2) The public health insurance system provides almost universal coverage. The occupation-based public health insurance (Health Insurance)is further classified into three types of insurances: Society-managed Health Insurance for large firm employees; Government- managed Health Insurance for small and medium sized firm employees; and Other Occupation-based Health Insurance for civil servants, private school employees, day laborers, etc.
3) Regarding Health Insurance of the Elderly, if the patient's annual income is more than 1,450,000 yen (about $14,500), he/she pays 20 percent of the cost. (This will be raised to 30 percent in October 2006.) Those whose annual income is less than the above amount pay 10 percent of the fees. If a patient is on welfare, all expenses are covered by the government.

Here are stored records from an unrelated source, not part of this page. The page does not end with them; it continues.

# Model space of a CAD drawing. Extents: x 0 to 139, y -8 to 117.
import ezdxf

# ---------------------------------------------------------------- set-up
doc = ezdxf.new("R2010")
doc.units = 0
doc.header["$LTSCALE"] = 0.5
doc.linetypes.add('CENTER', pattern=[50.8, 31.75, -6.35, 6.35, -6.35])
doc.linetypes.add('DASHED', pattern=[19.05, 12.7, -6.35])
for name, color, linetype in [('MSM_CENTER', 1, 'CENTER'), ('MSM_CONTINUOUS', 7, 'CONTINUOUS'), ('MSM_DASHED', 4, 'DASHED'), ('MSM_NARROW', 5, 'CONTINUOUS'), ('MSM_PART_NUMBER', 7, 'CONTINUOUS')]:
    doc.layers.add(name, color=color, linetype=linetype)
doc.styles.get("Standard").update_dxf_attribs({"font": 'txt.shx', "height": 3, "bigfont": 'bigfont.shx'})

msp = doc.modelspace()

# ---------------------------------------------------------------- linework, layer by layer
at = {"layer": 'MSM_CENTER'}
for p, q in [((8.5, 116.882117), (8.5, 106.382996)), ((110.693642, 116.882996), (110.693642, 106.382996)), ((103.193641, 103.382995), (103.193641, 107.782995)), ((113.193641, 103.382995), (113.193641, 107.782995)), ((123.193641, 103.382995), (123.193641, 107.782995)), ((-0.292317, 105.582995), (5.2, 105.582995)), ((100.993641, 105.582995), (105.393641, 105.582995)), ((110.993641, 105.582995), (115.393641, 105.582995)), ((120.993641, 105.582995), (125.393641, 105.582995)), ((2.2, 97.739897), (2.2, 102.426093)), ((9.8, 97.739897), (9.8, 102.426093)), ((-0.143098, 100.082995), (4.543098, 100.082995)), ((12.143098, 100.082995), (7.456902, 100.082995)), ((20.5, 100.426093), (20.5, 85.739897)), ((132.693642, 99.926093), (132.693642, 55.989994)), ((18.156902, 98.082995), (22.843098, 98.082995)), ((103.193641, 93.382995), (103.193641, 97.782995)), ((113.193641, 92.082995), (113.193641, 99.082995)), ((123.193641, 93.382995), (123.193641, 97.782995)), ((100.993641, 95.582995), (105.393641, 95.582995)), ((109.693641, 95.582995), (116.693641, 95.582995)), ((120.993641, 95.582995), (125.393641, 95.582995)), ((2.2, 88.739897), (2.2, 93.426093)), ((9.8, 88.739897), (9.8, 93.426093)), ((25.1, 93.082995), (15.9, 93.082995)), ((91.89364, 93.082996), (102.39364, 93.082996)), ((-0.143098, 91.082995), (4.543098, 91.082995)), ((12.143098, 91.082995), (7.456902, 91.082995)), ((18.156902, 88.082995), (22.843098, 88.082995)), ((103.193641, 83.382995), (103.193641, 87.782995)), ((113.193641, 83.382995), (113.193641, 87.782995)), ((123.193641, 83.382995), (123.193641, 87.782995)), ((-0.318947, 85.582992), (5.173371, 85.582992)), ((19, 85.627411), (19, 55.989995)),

4) In both insurance plans-Health Insurance and National Health Insurance, the co-pay is about $8.00.
5) Japanese insurance plans cover dental but does not cover vision.
6) Please note that the above description about the Japanese health insurance system is simplified; the actual system is regulated in far greater details.
7) For your information, today's average premium share for administrators and teachers at public schools in Connecticut are 15% and 10%, respectively. With reference to the Norwalk public school district, Connecticut, the premium share is 10% for both administrators and teachers.